→ **Task**
Repeat only the stretch of lines below that runs from the line with "[diagram p4: the" through the line with "GND: BluC1.13 BluC1.21", unaltered.

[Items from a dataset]
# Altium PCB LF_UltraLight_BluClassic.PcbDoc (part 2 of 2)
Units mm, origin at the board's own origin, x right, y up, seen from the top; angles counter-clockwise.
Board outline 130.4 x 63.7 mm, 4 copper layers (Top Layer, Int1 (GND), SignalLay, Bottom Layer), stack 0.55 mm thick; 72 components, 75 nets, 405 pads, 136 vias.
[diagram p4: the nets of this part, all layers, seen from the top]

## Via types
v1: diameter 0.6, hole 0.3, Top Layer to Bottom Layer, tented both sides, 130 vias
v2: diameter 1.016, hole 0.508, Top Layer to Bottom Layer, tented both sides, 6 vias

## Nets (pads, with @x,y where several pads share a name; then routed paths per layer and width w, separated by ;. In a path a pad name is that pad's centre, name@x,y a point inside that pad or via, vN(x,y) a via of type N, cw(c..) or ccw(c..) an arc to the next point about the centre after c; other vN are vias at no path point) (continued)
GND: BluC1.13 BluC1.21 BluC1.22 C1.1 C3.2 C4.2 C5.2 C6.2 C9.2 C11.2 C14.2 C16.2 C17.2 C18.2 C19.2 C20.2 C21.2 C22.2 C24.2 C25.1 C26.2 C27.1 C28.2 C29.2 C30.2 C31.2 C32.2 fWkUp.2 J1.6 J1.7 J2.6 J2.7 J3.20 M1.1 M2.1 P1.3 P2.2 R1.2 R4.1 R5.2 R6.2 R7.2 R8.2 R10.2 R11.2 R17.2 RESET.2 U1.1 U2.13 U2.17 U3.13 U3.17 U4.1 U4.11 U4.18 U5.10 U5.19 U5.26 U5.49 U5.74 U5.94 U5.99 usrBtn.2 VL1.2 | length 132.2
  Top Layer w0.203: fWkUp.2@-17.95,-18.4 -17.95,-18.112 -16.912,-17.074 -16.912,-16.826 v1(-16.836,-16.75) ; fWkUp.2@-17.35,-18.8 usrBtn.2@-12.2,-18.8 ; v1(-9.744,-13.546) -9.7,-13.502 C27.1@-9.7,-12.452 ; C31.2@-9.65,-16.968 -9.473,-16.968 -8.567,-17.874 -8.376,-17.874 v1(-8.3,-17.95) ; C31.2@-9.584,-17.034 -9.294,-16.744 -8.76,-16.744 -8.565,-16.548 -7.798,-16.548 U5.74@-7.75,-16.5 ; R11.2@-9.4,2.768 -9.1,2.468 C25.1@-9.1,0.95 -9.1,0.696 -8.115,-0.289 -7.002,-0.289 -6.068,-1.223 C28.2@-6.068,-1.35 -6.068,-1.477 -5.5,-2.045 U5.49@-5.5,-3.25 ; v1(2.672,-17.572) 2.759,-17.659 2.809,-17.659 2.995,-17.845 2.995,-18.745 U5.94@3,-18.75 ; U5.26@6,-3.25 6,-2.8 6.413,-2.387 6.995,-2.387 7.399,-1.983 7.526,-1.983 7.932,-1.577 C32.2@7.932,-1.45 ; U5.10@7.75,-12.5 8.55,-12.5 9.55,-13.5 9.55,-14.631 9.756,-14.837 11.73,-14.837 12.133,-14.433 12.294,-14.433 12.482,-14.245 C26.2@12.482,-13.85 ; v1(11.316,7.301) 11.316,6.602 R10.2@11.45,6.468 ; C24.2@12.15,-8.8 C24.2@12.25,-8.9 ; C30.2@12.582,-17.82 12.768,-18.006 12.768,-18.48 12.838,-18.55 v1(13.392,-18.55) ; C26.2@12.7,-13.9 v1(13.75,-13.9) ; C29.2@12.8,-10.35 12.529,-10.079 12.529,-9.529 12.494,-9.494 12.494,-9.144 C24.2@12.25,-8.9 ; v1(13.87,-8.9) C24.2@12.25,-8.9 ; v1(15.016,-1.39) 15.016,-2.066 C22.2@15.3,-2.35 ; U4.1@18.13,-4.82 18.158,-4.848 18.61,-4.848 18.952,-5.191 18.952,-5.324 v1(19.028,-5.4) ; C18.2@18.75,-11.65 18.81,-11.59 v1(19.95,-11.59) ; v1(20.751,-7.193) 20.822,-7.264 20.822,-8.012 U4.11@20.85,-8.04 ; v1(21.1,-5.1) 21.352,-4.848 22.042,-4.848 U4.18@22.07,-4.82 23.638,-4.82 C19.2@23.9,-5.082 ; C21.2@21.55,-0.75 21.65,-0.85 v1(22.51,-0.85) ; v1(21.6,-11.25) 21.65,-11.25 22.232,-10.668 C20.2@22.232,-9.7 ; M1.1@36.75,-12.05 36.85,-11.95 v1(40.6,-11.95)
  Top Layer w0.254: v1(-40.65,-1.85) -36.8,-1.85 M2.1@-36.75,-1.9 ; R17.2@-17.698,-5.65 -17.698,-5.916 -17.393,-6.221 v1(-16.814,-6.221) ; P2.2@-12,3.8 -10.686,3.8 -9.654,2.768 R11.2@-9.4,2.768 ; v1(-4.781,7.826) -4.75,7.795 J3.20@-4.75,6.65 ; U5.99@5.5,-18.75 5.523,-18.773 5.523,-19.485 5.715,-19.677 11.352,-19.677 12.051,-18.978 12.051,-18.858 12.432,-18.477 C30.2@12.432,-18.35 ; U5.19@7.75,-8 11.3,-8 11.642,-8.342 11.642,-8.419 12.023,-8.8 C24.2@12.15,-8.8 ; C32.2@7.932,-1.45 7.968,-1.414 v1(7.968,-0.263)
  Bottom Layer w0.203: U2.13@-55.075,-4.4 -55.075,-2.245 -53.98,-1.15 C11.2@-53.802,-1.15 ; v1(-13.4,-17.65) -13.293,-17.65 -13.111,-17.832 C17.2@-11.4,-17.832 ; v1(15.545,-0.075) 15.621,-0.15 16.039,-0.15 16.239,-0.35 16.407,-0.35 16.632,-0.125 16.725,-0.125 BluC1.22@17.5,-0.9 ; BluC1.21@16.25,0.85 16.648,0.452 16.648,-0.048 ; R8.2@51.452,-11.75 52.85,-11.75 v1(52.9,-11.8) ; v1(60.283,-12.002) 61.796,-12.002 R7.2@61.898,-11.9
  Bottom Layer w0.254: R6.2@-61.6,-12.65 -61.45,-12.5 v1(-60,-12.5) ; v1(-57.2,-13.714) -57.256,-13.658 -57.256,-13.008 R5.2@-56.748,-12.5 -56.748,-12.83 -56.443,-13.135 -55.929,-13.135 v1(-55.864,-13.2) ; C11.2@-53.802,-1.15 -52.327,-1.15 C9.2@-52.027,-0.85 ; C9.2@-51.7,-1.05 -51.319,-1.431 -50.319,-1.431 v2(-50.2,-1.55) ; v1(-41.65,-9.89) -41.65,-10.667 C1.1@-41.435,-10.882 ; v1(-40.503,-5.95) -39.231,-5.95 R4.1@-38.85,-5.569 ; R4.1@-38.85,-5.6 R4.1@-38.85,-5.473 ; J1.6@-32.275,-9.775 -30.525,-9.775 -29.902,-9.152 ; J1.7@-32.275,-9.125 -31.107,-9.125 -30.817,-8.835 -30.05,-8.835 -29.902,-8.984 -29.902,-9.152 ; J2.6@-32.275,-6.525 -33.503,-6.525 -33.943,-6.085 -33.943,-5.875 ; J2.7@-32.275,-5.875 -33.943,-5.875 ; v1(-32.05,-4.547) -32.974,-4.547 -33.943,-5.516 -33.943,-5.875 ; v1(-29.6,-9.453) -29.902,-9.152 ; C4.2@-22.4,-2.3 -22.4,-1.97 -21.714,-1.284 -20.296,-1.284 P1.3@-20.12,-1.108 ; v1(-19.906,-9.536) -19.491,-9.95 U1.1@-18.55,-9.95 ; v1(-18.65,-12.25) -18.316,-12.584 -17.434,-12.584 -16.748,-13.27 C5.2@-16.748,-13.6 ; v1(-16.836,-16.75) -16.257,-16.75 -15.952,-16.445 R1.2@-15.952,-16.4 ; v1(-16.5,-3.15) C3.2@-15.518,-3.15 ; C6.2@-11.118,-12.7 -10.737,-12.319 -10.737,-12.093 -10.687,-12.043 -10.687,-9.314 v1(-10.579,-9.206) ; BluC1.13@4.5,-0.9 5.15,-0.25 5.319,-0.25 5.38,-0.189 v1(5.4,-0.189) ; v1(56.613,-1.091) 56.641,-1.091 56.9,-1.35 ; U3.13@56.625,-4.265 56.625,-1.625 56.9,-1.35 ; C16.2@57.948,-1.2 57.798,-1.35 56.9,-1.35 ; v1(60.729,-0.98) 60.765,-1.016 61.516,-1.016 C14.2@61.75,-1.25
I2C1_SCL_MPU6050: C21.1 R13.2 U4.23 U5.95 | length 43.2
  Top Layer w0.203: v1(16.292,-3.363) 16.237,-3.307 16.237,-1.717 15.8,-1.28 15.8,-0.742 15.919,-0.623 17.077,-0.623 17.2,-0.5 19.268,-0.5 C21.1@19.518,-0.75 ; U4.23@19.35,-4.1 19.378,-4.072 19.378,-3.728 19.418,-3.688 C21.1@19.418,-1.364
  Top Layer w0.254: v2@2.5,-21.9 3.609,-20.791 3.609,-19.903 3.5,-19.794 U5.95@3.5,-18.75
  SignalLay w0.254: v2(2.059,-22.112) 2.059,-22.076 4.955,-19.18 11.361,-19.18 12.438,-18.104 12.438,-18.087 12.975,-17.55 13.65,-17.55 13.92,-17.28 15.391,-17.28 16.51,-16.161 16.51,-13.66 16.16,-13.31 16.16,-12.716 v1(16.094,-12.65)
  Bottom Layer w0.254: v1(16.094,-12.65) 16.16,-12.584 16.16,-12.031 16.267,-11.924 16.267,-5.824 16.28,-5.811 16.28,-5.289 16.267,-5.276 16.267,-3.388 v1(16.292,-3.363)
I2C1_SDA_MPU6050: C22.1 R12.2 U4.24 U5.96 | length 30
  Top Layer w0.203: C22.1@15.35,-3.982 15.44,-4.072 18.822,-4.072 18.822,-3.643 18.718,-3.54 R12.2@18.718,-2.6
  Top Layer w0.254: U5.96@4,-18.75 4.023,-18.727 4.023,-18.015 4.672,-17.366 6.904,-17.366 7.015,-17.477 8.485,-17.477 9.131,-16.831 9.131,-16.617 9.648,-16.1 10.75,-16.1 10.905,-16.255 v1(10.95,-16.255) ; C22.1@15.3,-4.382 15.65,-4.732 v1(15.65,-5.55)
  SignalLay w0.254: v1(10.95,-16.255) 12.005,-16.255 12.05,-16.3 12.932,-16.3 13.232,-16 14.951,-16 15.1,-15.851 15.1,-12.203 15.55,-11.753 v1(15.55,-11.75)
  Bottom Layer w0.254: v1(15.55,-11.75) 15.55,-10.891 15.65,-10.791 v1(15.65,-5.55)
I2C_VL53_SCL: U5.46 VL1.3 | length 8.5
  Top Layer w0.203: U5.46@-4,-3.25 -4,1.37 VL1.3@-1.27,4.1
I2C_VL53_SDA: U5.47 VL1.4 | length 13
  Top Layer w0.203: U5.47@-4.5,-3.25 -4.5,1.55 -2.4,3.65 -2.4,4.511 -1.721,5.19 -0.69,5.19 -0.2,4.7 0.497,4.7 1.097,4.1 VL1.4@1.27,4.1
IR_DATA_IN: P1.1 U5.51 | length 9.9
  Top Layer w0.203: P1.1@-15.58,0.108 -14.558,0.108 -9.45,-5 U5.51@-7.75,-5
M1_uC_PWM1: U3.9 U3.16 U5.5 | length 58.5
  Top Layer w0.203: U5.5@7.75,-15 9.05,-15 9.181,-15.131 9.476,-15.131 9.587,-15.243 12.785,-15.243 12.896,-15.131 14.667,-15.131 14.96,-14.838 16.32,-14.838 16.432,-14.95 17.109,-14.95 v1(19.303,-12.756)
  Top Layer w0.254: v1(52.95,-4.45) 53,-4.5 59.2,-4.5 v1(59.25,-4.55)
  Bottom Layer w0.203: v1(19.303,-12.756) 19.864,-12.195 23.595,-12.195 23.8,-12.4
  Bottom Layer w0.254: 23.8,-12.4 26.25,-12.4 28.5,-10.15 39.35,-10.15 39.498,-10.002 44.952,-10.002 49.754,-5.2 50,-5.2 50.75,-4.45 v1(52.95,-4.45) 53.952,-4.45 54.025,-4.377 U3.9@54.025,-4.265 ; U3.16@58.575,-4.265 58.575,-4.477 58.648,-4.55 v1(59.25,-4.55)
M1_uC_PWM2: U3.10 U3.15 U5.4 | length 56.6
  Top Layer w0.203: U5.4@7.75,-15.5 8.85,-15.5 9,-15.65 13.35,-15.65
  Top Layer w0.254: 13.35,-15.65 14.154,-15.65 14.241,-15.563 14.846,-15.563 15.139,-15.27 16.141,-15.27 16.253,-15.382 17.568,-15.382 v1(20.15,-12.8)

→ **Result of this exercise**
[diagram p4: the nets of this part, all layers, seen from the top]

## Via types
v1: diameter 0.6, hole 0.3, Top Layer to Bottom Layer, tented both sides, 130 vias
v2: diameter 1.016, hole 0.508, Top Layer to Bottom Layer, tented both sides, 6 vias

## Nets (pads, with @x,y where several pads share a name; then routed paths per layer and width w, separated by ;. In a path a pad name is that pad's centre, name@x,y a point inside that pad or via, vN(x,y) a via of type N, cw(c..) or ccw(c..) an arc to the next point about the centre after c; other vN are vias at no path point) (continued)
GND: BluC1.13 BluC1.21 BluC1.22 C1.1 C3.2 C4.2 C5.2 C6.2 C9.2 C11.2 C14.2 C16.2 C17.2 C18.2 C19.2 C20.2 C21.2 C22.2 C24.2 C25.1 C26.2 C27.1 C28.2 C29.2 C30.2 C31.2 C32.2 fWkUp.2 J1.6 J1.7 J2.6 J2.7 J3.20 M1.1 M2.1 P1.3 P2.2 R1.2 R4.1 R5.2 R6.2 R7.2 R8.2 R10.2 R11.2 R17.2 RESET.2 U1.1 U2.13 U2.17 U3.13 U3.17 U4.1 U4.11 U4.18 U5.10 U5.19 U5.26 U5.49 U5.74 U5.94 U5.99 usrBtn.2 VL1.2 | length 132.2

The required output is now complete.